Look for jewelry items by Lynell Dodge, Avery Groves, Tom Chavanne, Ryan Eure, Beth Gaudreau, Linda Osterhoudt, Sarah Brown, Allison Schroeder and other artists. Expect “modern, simple beaded items, up to the very ornate jeweled pieces,” Polson said. “We also have several people who are doing lighter beaded things and simpler metal designs.”

Also in the exhibition space will be “very different styles of pottery,” Polson said. Pottery selections by Nancy Ross, Rebecca Garrett, Janice Arone, Brian Evans and other artists range from simple to sublime, including everything from wall art to teapots.

Fiber arts are well represented by shawls, tunics, scarves and what Polson called “beautiful modern-art jackets.” And a popular stop each year is the dye-your-own silk scarf booth, at which visitors can learn marbling techniques and take colorful examples home.

“The results are so cool,” Polson said. “Everybody looks so thrilled.

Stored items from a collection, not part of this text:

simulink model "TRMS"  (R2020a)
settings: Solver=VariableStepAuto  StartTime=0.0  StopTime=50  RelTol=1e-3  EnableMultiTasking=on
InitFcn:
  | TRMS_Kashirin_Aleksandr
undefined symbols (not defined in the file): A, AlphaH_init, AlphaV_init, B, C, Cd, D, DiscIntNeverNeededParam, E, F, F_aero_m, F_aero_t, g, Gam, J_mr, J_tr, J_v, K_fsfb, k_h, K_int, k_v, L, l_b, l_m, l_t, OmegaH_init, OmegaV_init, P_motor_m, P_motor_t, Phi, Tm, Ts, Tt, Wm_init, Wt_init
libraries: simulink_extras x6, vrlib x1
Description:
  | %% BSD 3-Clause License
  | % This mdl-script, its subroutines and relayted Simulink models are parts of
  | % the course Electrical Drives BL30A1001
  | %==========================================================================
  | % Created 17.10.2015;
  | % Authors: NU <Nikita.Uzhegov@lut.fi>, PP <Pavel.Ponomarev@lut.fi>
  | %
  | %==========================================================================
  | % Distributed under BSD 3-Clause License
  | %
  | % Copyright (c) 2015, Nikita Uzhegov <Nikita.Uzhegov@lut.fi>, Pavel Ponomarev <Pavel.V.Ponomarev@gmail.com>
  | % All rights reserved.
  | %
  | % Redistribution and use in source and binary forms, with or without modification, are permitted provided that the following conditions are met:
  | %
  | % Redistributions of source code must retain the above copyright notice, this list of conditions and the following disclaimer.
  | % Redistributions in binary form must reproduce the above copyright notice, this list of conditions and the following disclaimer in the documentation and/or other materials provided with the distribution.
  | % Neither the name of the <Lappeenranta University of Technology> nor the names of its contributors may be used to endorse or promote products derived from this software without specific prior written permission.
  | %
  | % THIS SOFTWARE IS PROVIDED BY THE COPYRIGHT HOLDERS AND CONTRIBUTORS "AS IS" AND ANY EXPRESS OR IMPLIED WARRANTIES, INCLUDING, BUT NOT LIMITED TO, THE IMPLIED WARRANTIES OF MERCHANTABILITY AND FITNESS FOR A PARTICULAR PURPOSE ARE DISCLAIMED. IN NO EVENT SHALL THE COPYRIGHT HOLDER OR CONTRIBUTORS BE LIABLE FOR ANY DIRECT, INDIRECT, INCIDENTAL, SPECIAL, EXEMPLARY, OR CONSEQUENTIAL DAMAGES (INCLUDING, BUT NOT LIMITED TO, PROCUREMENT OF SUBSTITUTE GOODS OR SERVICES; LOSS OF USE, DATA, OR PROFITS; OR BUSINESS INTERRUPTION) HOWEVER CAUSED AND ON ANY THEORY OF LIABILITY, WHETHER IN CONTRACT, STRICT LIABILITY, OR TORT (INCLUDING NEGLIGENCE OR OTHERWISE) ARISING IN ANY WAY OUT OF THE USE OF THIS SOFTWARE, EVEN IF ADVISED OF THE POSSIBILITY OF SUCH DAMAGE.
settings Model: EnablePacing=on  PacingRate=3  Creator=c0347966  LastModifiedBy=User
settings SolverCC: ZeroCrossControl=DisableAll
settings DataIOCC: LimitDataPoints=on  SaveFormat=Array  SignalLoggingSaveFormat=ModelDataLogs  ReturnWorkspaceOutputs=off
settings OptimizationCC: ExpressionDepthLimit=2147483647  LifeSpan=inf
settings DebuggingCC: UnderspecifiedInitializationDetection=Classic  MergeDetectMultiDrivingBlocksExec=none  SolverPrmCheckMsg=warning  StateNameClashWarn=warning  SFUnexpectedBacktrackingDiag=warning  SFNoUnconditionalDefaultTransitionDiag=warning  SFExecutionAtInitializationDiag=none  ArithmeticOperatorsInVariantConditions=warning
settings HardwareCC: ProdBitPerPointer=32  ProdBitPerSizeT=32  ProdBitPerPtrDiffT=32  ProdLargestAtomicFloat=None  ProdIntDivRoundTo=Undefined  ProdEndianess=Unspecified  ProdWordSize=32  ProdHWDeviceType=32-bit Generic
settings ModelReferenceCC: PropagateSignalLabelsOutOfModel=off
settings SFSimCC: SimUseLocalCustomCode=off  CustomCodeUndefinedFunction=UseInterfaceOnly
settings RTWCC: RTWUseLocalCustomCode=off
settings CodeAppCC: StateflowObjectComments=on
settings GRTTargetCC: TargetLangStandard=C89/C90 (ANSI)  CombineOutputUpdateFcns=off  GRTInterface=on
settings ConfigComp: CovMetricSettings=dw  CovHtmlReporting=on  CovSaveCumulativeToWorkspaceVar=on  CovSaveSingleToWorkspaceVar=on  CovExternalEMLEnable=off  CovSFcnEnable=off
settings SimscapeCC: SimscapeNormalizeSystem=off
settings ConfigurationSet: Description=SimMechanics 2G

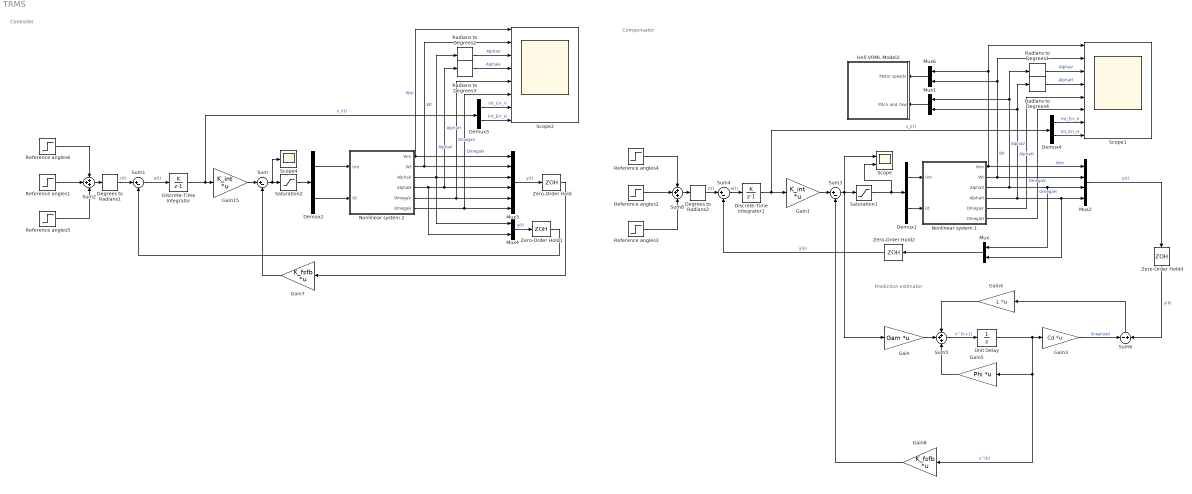
== system TRMS ==
  note: Compensator
  note: Controller
  note: Prediction estimator
  Degrees to Radians1 : simulink_extras/Transformations/Degrees to Radians
  Degrees to Radians2 : simulink_extras/Transformations/Degrees to Radians
  Demux{1..4} (4 alike) : Demux  Outputs=2
  Discrete-Time Integrator : DiscreteIntegrator  IntegratorMethod=Accumulation: Forward Euler  SampleTime=Ts  ICPrevOutput=DiscIntNeverNeededParam  ICPrevScaledInput=DiscIntNeverNeededParam
  Discrete-Time Integrator1 : DiscreteIntegrator  IntegratorMethod=Accumulation: Forward Euler  SampleTime=Ts  ICPrevOutput=DiscIntNeverNeededParam  ICPrevScaledInput=DiscIntNeverNeededParam
  Gain : Gain  Gain=Gam  Multiplication=Matrix(K*u) (u vector)
  Gain1 : Gain  Gain=K_int  Multiplication=Matrix(K*u) (u vector)
  Gain15 : Gain  Gain=K_int  Multiplication=Matrix(K*u) (u vector)
  Gain3 : Gain  Gain=Cd  Multiplication=Matrix(K*u) (u vector)
  Gain4 : Gain  Gain=L  Multiplication=Matrix(K*u) (u vector)
  Gain5 : Gain  Gain=Phi  Multiplication=Matrix(K*u) (u vector)
  Gain7 : Gain  Gain=K_fsfb  Multiplication=Matrix(K*u) (u vector)
  Gain8 : Gain  Gain=K_fsfb  Multiplication=Matrix(K*u) (u vector)
  Heli VRML Model2 : Subsystem
  Mux{,1,4,6} (4 alike) : Mux  Inputs=2
  Mux2 : Mux
  Mux3 : Mux  Inputs=6
  Nonlinear system 1 : Subsystem
  Nonlinear system 2 : Subsystem
  Radians to Degrees{1..4} (4 alike) : simulink_extras/Transformations/Radians to Degrees
  Reference angles1 : Step  Time=0  After=[-5 50]
  Reference angles2 : Step  Time=0  After=[-5 50]
  Reference angles3 : Step  Time=12  After=[-20 -30]  SampleTime=Ts
  Reference angles4 : Step  Time=25  After=[+20 +30]
  Reference angles5 : Step  Time=12  After=[-20 -30]  SampleTime=Ts
  Reference angles6 : Step  Time=25  After=[+20 +30]
  Saturation1 : Saturate  UpperLimit=18  LowerLimit=-18
  Saturation2 : Saturate  UpperLimit=19  LowerLimit=-18
  Scope : Scope  NumInputPorts=2
  Scope1 : Scope  NumInputPorts=8
  Scope2 : Scope  NumInputPorts=8
  Scope4 : Scope
  Sum{,1,3..4} (4 alike) : Sum  Inputs=|+-
  Sum2 : Sum  Inputs=+++
  Sum5 : Sum  Inputs=+++
  Sum6 : Sum  Inputs=-+
  Sum8 : Sum  Inputs=+++
  Unit Delay : UnitDelay  SampleTime=-1  HasFrameUpgradeWarning=on
  Zero-Order Hold{,1..2,4} (4 alike) : ZeroOrderHold  SampleTime=-1
  wires:
  Demux3/2 -> Scope2/8  "Int_Err_H"
  Mux4/1 -> Zero-Order Hold1/1  "y(t)"
  Gain15/1 -> Sum/1
  Nonlinear system 2/5(OmegaV) -> Mux3/5, Scope2/5  "OmegaV"
  Zero-Order Hold1/1 -> Sum1/2
  Saturation2/1 -> Demux2/1
  Nonlinear system 2/1(Wm) -> Scope2/1, Mux3/1  "Wm"
  Nonlinear system 2/3(AlphaV) -> Mux3/3, Mux4/1, Radians to Degrees2/1  "AlphaV"
  Nonlinear system 2/4(AlphaH) -> Mux3/4, Radians to Degrees3/1, Mux4/2  "AlphaH"
  Demux2/2 -> Nonlinear system 2/2(Ut)
  Demux2/1 -> Nonlinear system 2/1(Um)
  Gain7/1 -> Sum/2
  Demux3/1 -> Scope2/7  "Int_Err_V"
  Sum/1 -> Saturation2/1, Scope4/1
  Discrete-Time Integrator/1 -> Demux3/1, Gain15/1  "x_i(t)"
  Nonlinear system 2/2(Wt) -> Scope2/2, Mux3/2  "Wt"
  Mux3/1 -> Zero-Order Hold/1  "y(t)"
  Zero-Order Hold/1 -> Gain7/1
  Nonlinear system 2/6(OmegaH) -> Scope2/6, Mux3/6  "OmegaH"
  Sum1/1 -> Discrete-Time Integrator/1  "e(t)"
  Radians to Degrees2/1 -> Scope2/3  "AlphaV"
  Radians to Degrees3/1 -> Scope2/4  "AlphaH"
  Reference angles2/1 -> Sum8/2
  Mux6/1 -> Heli VRML Model2/1(Motor speeds)
  Demux1/2 -> Nonlinear system 1/2(Ut)
  Sum5/1 -> Unit Delay/1  "x^(k+1)"
  Sum3/1 -> Gain/1, Saturation1/1, Scope/1
  Mux1/1 -> Heli VRML Model2/2(Pitch and Yaw)
  Unit Delay/1 -> Gain8/1, Gain5/1, Gain3/1  "x^(k)"
  Saturation1/1 -> Scope/2, Demux1/1
  Zero-Order Hold4/1 -> Sum6/2  "y(k)"
  Gain4/1 -> Sum5/1
  Gain/1 -> Sum5/2
  Sum4/1 -> Discrete-Time Integrator1/1  "e(t)"
  Gain1/1 -> Sum3/1
  Gain5/1 -> Sum5/3
  Demux4/2 -> Scope1/8  "Int_Err_H"
  Demux1/1 -> Nonlinear system 1/1(Um)
  Discrete-Time Integrator1/1 -> Gain1/1, Demux4/1  "x_i(t)"
  Nonlinear system 1/6(OmegaH) -> Scope1/6  "OmegaH"
  Demux4/1 -> Scope1/7  "Int_Err_V"
  Sum6/1 -> Gain4/1
  Nonlinear system 1/4(AlphaH) -> Mux1/2, Radians to Degrees4/1, Mux/2, Mux2/4  "AlphaH"
  Nonlinear system 1/3(AlphaV) -> Mux/1, Mux2/3, Mux1/1, Radians to Degrees1/1  "AlphaV"
  Gain8/1 -> Sum3/2
  Nonlinear system 1/5(OmegaV) -> Scope1/5  "OmegaV"
  Nonlinear system 1/1(Wm) -> Mux6/1, Scope1/1, Mux2/1  "Wm"
  Mux/1 -> Zero-Order Hold2/1
  Mux2/1 -> Zero-Order Hold4/1  "y(t)"
  Nonlinear system 1/2(Wt) -> Mux6/2, Scope1/2, Mux2/2  "Wt"
  Gain3/1 -> Sum6/1  "linearized"
  Radians to Degrees1/1 -> Scope1/3  "AlphaV"
  Radians to Degrees4/1 -> Scope1/4  "AlphaH"
  Reference angles3/1 -> Sum8/3
  Zero-Order Hold2/1 -> Sum4/2  "y(k)"
  Sum8/1 -> Degrees to Radians2/1
  Degrees to Radians2/1 -> Sum4/1  "r(t)"
  Reference angles4/1 -> Sum8/1
  Reference angles6/1 -> Sum2/1
  Reference angles5/1 -> Sum2/3
  Sum2/1 -> Degrees to Radians1/1
  Reference angles1/1 -> Sum2/2
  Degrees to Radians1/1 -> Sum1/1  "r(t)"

It’s like magic.”

And if all Mom wants for Mother’s Day is a card, you always can take her literally and get her some of Laura Richards’ stationery and one of Brenda Hardman’s handcrafted pens.

Visual arts aren’t the only disciplines represented. A full lineup of musicians is scheduled for each day.

On Saturday, listen for Field School Boys’ Choir at 10 a.m. and Celtic harpist Vicky Lee at 11 a.m., see Skyline Country Cloggers in action at 12:30 p.m., catch Annabeth McNamara’s music at 2 p.m., watch the Albemarle Morris Men dance at 3 p.m. and hear Matthew O’Donnell sing at 4:30 p.m.

Sunday’s musical lineup includes the Western Albemarle High School Jazz Band at 10 a.m., Greg Howard and Darrell Rose at 11:30 a.m., Roosevelt Dime at 2 p.m. and Jim Lord at 4 p.m.

And if you’re still searching for Mother’s Day ideas, wondering how to make your mom, mother-in-law and grandmama happy, bring them all. The festival traditionally is scheduled for the Mother’s Day weekend, and watching your honoree pick out her own handmade present is part of the fun.

The Charlottesville Area Massage Therapy Consortium’s licensed professional massage therapists will provide some hands-on stress relief, and Crozet photographer Alicia Williams of Simple Will Photography will schedule mini photo sessions from 11 a.m. to 3 p.m. Saturday. If Mom isn’t the fuss-and-bother type and a simple alfresco lunch with the family is more along the lines of what she wants, there will be Virginia beers and wines in souvenir glasses, locally roasted coffees, grilled pizzas, Thai specialties and other food offerings from barbecue to burritos and burgers.

Need to keep children entertained? Kim and Jimbo Cary will bring their interactive performance to the children’s area, which also will feature bouncy castles and face painting. Charlottesville Waldorf School will have a play area set up, and Lebanon Evangelical Presbyterian Church will run a baby comfort station for some quiet time.

“We’re trying to bring in more family things for the festival,” Polson said.

If you’re new to Crozet, plan to take some time to explore the park while you’re there; the festival is its major annual fundraiser. Enjoy the trails, mountain views and open spaces, but leave pets at home. Volunteers always are welcome, and they get in for free; visit crozetfestival.com to see what spots still need filling. And don’t forget to mark your calendars for the fall festival, which is set for Oct. 7 and 8.